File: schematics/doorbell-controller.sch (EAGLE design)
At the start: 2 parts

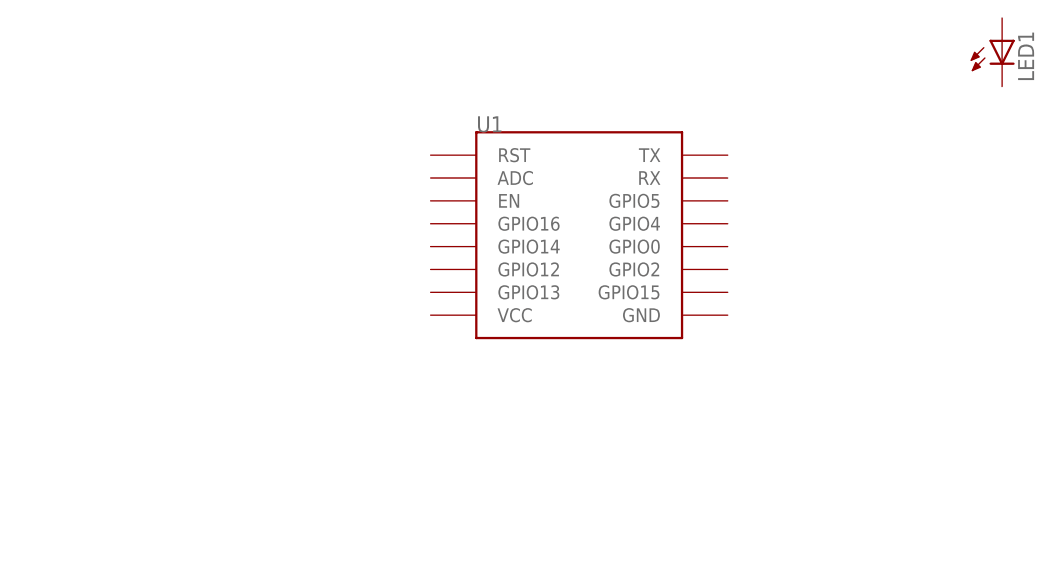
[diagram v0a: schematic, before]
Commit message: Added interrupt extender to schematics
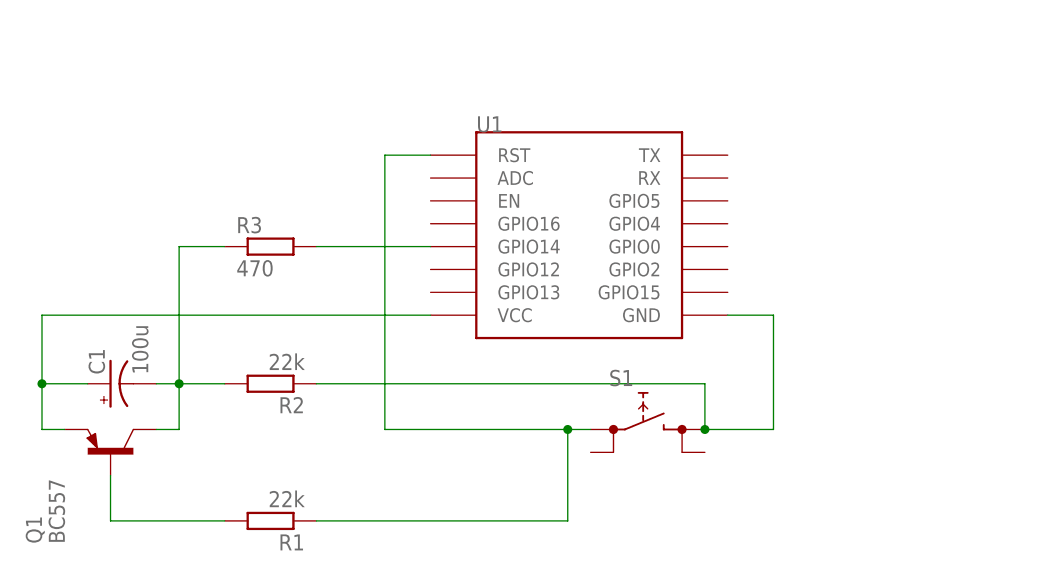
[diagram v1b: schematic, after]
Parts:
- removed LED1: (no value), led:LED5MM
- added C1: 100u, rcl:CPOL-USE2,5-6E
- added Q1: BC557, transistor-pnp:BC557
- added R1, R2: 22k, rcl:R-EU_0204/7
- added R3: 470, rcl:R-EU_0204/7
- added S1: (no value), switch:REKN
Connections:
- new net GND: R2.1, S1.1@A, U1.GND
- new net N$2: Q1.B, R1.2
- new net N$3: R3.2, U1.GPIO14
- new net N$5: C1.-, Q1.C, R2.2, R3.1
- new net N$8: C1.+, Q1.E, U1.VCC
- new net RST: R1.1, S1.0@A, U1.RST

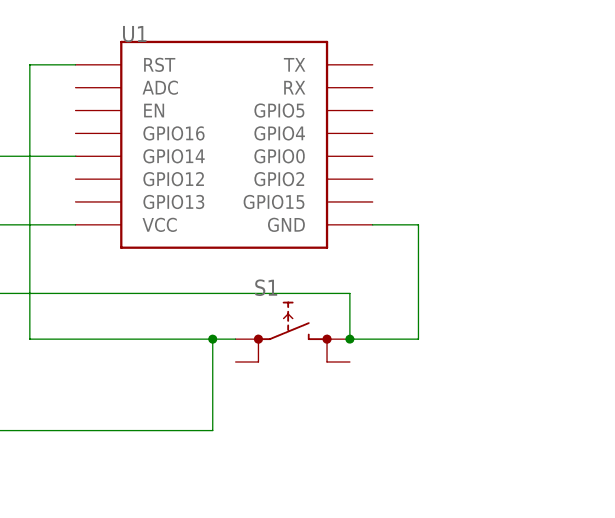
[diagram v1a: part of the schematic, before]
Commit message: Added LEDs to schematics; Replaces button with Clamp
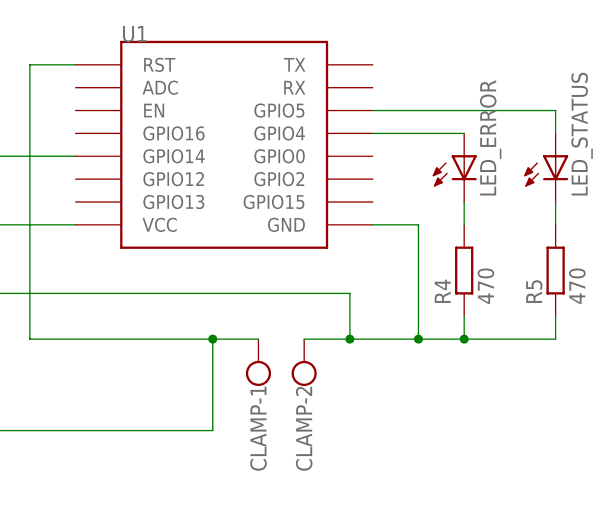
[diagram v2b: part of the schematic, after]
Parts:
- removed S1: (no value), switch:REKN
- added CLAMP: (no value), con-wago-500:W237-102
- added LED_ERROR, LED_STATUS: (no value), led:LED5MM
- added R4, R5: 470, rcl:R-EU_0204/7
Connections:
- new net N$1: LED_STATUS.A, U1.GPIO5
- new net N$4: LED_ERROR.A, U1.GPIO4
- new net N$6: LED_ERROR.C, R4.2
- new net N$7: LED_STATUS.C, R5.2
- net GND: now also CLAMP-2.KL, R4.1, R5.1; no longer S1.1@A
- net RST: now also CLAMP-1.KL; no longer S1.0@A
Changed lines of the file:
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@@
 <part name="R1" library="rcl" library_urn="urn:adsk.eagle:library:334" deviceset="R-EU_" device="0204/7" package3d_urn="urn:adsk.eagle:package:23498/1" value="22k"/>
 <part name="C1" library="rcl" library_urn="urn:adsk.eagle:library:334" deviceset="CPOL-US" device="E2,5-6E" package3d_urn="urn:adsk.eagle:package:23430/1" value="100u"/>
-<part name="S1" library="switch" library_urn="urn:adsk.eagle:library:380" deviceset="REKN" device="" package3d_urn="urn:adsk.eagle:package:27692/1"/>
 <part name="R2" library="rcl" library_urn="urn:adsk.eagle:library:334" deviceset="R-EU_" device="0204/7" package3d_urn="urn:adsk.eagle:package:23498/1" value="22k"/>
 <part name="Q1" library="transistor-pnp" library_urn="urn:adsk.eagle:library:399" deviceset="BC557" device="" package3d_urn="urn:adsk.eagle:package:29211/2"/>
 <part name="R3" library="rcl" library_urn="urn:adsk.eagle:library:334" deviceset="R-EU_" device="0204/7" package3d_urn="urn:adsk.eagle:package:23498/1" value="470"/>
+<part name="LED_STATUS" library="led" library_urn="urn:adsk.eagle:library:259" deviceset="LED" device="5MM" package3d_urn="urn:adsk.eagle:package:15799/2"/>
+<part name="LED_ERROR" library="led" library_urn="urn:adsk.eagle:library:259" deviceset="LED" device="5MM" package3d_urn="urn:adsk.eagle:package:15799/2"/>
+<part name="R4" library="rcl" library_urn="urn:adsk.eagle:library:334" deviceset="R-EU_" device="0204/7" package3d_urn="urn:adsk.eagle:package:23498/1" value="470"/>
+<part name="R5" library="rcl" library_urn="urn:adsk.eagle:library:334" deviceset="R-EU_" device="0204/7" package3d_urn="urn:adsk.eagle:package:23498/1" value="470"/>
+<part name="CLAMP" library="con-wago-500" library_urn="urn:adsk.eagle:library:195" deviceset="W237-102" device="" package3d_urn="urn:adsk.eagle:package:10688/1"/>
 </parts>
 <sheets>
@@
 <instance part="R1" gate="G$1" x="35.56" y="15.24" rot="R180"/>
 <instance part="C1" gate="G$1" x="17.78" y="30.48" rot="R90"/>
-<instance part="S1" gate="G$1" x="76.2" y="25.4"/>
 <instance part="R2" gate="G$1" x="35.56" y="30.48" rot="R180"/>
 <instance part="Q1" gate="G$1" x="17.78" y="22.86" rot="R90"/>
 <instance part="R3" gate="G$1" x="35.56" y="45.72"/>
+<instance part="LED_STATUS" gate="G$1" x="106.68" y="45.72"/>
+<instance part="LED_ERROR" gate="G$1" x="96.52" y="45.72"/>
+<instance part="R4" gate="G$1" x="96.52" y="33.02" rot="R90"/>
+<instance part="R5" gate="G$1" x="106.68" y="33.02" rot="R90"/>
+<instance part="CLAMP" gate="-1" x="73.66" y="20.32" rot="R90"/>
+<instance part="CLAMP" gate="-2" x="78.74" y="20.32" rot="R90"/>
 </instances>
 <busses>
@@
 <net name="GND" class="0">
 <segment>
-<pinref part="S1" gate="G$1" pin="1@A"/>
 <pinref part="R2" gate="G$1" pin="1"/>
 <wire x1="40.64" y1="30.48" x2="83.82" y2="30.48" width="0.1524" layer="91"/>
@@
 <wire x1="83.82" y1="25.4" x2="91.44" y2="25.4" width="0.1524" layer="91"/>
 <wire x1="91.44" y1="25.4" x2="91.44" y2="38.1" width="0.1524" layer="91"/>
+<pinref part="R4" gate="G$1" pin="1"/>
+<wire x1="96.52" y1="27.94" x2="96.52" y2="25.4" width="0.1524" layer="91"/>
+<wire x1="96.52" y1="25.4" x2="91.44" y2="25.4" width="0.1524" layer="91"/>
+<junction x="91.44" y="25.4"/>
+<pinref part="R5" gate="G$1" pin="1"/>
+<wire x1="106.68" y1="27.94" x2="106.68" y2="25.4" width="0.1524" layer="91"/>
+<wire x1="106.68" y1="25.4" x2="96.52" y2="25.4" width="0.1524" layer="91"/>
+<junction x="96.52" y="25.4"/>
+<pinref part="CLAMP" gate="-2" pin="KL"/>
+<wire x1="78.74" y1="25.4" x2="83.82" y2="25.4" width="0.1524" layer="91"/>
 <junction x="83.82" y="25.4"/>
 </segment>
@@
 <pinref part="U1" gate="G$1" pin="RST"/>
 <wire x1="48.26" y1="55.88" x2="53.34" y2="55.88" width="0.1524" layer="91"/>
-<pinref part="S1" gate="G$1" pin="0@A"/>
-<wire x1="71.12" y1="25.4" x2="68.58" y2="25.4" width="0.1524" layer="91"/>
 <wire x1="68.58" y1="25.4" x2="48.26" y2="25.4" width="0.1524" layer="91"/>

-=-=-

INSTRUCTIONS FOR THE TASK
Give the count of lines above that include the word "wago", stating no other information.

TASK ANSWER
2